__About this exercise__.
Write out again, exactly as they appear, the lines from the start of the data below through the line with "# F7_s9 → F7_t10 (new body)"; no pictures.

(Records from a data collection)
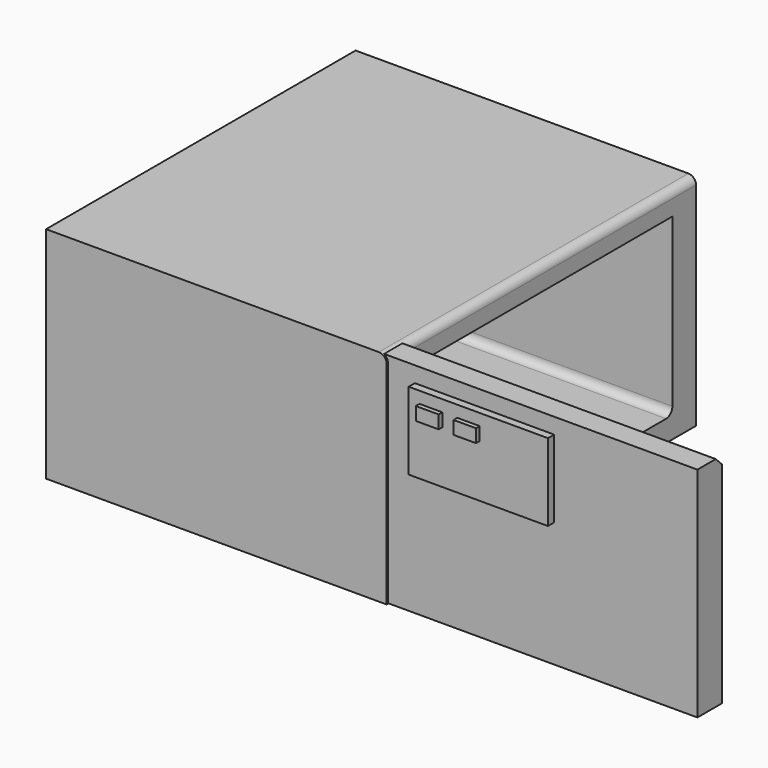
from build123d import *

# Parameters (mm, degrees)
F0_W         = 220
F0_H         = 141.9456327772
F1_DEPTH     = 250
F3_W         = 210.672037676
F3_H         = 112.9930540919
F4_DEPTH     = 206
F5_W         = 19.7831674727
F5_H         = 141
F6_DEPTH     = 200
F7_T4_DEPTH  = 275
F7_T10_DEPTH = 275
F7_T16_DEPTH = 275
F7_T23_DEPTH = 275
F7_T29_DEPTH = 275
F8_SIZE      = 5
F9_T1_DEPTH  = 218.5
F10_R        = 5
F11_R        = 5
F12_W        = 90
F12_H        = 50
F13_DEPTH    = 5
F14_W        = 14.7826219899
F14_H        = 8.5
F15_DEPTH    = 3
F16_W        = 14.5
F16_H        = 8.5
F17_DEPTH    = 3


# Not quite as in the source:
# - a fillet or chamfer that OpenCascade refuses, or shapes differently, is made with other operations: its cross-section is extruded or revolved along the edge and cut away or added


with BuildPart() as f1:
    # F0 (on Front) → F1 (new body)
    with BuildSketch(Plane.XZ):
        Rectangle(F0_W, F0_H)
    extrude(amount=F1_DEPTH)

    # F3 (on face) → F4 (cut)
    with BuildSketch(Plane.YZ.offset(110)):
        with Locations((-124.4797622785, -0.6201006472)):
            Rectangle(F3_W, F3_H)
    extrude(amount=-F4_DEPTH, mode=Mode.SUBTRACT)

    # F5 (on face) → F6 (join)
    with BuildSketch(Plane.YZ.offset(110)):
        with Locations((-239.0063405037, -0.1803636551)):
            Rectangle(F5_W, F5_H)
    extrude(amount=F6_DEPTH)

    # F7: fillet of radius 5 on 1 edges, made by hand


with BuildPart() as f7_tool2:
    # F7_s3 → F7_t4 (new body)
    with BuildSketch(Plane.XZ.offset(-12.5)):
        with BuildLine():
            ThreePointArc((105, 70.9728163886), (108.5355339059, 69.5083502945), (110, 65.9728163886))
            Line((110, 65.9728163886), (110, 70.9728163886))
            Line((110, 70.9728163886), (105, 70.9728163886))
        make_face()
    extrude(amount=F7_T4_DEPTH)

    split(bisect_by=Plane.XY.offset(70.3196363449), keep=Keep.TOP)

    split(bisect_by=Plane.XZ.offset(229.1147567674), keep=Keep.BOTTOM)


with BuildPart() as f1_1:
    add(f1.part)

    # F7_t1: cut F7_tool2
    add(f7_tool2.part, mode=Mode.SUBTRACT)


with BuildPart() as f7_tool8:
    # F7_s9 → F7_t10 (new body)
    with BuildSketch(Plane.XZ.offset(-12.5)):
        with BuildLine():
            ThreePointArc((105, 70.9728163886), (108.5355339059, 69.5083502945), (110, 65.9728163886))
            Line((110, 65.9728163886), (110, 70.9728163886))
            Line((110, 70.9728163886), (105, 70.9728163886))
        make_face()
    extrude(amount=F7_T10_DEPTH)

    split(bisect_by=Plane.XY.offset(70.3196363449), keep=Keep.BOTTOM)

    split(bisect_by=Plane.XZ.offset(229.1147567674), keep=Keep.BOTTOM)


with BuildPart() as f1_2:
    add(f1_1.part)

    # F7_t7: cut F7_tool8
    add(f7_tool8.part, mode=Mode.SUBTRACT)


with BuildPart() as f7_tool14:
    # F7_s15 → F7_t16 (new body)
    with BuildSketch(Plane.XZ.offset(-12.5)):
        with BuildLine():
            ThreePointArc((105, 70.9728163886), (108.5355339059, 69.5083502945), (110, 65.9728163886))
            Line((110, 65.9728163886), (110, 70.9728163886))
            Line((110, 70.9728163886), (105, 70.9728163886))
        make_face()
    extrude(amount=F7_T16_DEPTH)

    split(bisect_by=Plane.XZ.offset(248.89792424), keep=Keep.BOTTOM)

    split(bisect_by=Plane.XY.offset(70.3196363449), keep=Keep.TOP)

    split(bisect_by=Plane.XZ.offset(229.1147567674), keep=Keep.TOP)


with BuildPart() as f1_3:
    add(f1_2.part)

    # F7_t13: cut F7_tool14
    add(f7_tool14.part, mode=Mode.SUBTRACT)


with BuildPart() as f7_tool21:
    # F7_s22 → F7_t23 (new body)
    with BuildSketch(Plane.XZ.offset(-12.5)):
        with BuildLine():
            ThreePointArc((105, 70.9728163886), (108.5355339059, 69.5083502945), (110, 65.9728163886))
            Line((110, 65.9728163886), (110, 70.9728163886))
            Line((110, 70.9728163886), (105, 70.9728163886))
        make_face()
    extrude(amount=F7_T23_DEPTH)

    split(bisect_by=Plane.XZ.offset(248.89792424), keep=Keep.TOP)

    split(bisect_by=Plane.XY.offset(70.3196363449), keep=Keep.TOP)


with BuildPart() as f1_4:
    add(f1_3.part)

    # F7_t20: cut F7_tool21
    add(f7_tool21.part, mode=Mode.SUBTRACT)


with BuildPart() as f7_tool27:
    # F7_s28 → F7_t29 (new body)
    with BuildSketch(Plane.XZ.offset(-12.5)):
        with BuildLine():
            ThreePointArc((105, 70.9728163886), (108.5355339059, 69.5083502945), (110, 65.9728163886))
            Line((110, 65.9728163886), (110, 70.9728163886))
            Line((110, 70.9728163886), (105, 70.9728163886))
        make_face()
    extrude(amount=F7_T29_DEPTH)

    split(bisect_by=Plane.XZ.offset(248.89792424), keep=Keep.TOP)

    split(bisect_by=Plane.XY.offset(70.3196363449), keep=Keep.BOTTOM)


with BuildPart() as f1_5:
    add(f1_4.part)

    # F7_t26: cut F7_tool27
    add(f7_tool27.part, mode=Mode.SUBTRACT)

    # F8
    f8_edges = [f1_5.edges().sort_by_distance(p)[0] for p in [
        (208.735431, -229.114757, 70.319636),
    ]]
    chamfer(f8_edges, length=F8_SIZE)

    # F9: fillet of radius 5 on 1 edges, made by hand

    # F9_s2 → F9_t1 (join)
    with BuildSketch(Plane.YZ.offset(-108.5)):
        with BuildLine():
            ThreePointArc((-224.8157811165, -57.1166276932), (-228.3513150224, -55.6521615991), (-229.8157811165, -52.1166276932))
            Line((-229.8157811165, -52.1166276932), (-229.8157811165, -57.1166276932))
            Line((-229.8157811165, -57.1166276932), (-224.8157811165, -57.1166276932))
        make_face()
    extrude(amount=F9_T1_DEPTH)

    # F10
    f10_edges = [f1_5.edges().sort_by_distance(p)[0] for p in [
        (-96, -121.979762, -57.116628),
    ]]
    fillet(f10_edges, radius=F10_R)

    # F11
    f11_edges = [f1_5.edges().sort_by_distance(p)[0] for p in [
        (9.5, -19.143743, -57.116628),
    ]]
    fillet(f11_edges, radius=F11_R)

    # F12 (on face) → F13 (join)
    with BuildSketch(Plane.XZ.offset(248.89792424)):
        with Locations((172.4283844233, 35.1449831093)):
            Rectangle(F12_W, F12_H)
    extrude(amount=F13_DEPTH)

    # F14 (on face) → F15 (join)
    with BuildSketch(Plane.XZ.offset(253.89792424)):
        with Locations((141.7928859591, 48.4116636217)):
            Rectangle(F14_W, F14_H)
    extrude(amount=F15_DEPTH)

    # F16 (on face) → F17 (join)
    with BuildSketch(Plane.XZ.offset(253.89792424)):
        with Locations((166.0626122952, 48.4116636217)):
            Rectangle(F16_W, F16_H)
    extrude(amount=F17_DEPTH)


solid = f1_5.part

__Answer section__.
from build123d import *

# Parameters (mm, degrees)
F0_W         = 220
F0_H         = 141.9456327772
F1_DEPTH     = 250
F3_W         = 210.672037676
F3_H         = 112.9930540919
F4_DEPTH     = 206
F5_W         = 19.7831674727
F5_H         = 141
F6_DEPTH     = 200
F7_T4_DEPTH  = 275
F7_T10_DEPTH = 275
F7_T16_DEPTH = 275
F7_T23_DEPTH = 275
F7_T29_DEPTH = 275
F8_SIZE      = 5
F9_T1_DEPTH  = 218.5
F10_R        = 5
F11_R        = 5
F12_W        = 90
F12_H        = 50
F13_DEPTH    = 5
F14_W        = 14.7826219899
F14_H        = 8.5
F15_DEPTH    = 3
F16_W        = 14.5
F16_H        = 8.5
F17_DEPTH    = 3


# Not quite as in the source:
# - a fillet or chamfer that OpenCascade refuses, or shapes differently, is made with other operations: its cross-section is extruded or revolved along the edge and cut away or added


with BuildPart() as f1:
    # F0 (on Front) → F1 (new body)
    with BuildSketch(Plane.XZ):
        Rectangle(F0_W, F0_H)
    extrude(amount=F1_DEPTH)

    # F3 (on face) → F4 (cut)
    with BuildSketch(Plane.YZ.offset(110)):
        with Locations((-124.4797622785, -0.6201006472)):
            Rectangle(F3_W, F3_H)
    extrude(amount=-F4_DEPTH, mode=Mode.SUBTRACT)

    # F5 (on face) → F6 (join)
    with BuildSketch(Plane.YZ.offset(110)):
        with Locations((-239.0063405037, -0.1803636551)):
            Rectangle(F5_W, F5_H)
    extrude(amount=F6_DEPTH)

    # F7: fillet of radius 5 on 1 edges, made by hand


with BuildPart() as f7_tool2:
    # F7_s3 → F7_t4 (new body)
    with BuildSketch(Plane.XZ.offset(-12.5)):
        with BuildLine():
            ThreePointArc((105, 70.9728163886), (108.5355339059, 69.5083502945), (110, 65.9728163886))
            Line((110, 65.9728163886), (110, 70.9728163886))
            Line((110, 70.9728163886), (105, 70.9728163886))
        make_face()
    extrude(amount=F7_T4_DEPTH)

    split(bisect_by=Plane.XY.offset(70.3196363449), keep=Keep.TOP)

    split(bisect_by=Plane.XZ.offset(229.1147567674), keep=Keep.BOTTOM)


with BuildPart() as f1_1:
    add(f1.part)

    # F7_t1: cut F7_tool2
    add(f7_tool2.part, mode=Mode.SUBTRACT)


with BuildPart() as f7_tool8:
    # F7_s9 → F7_t10 (new body)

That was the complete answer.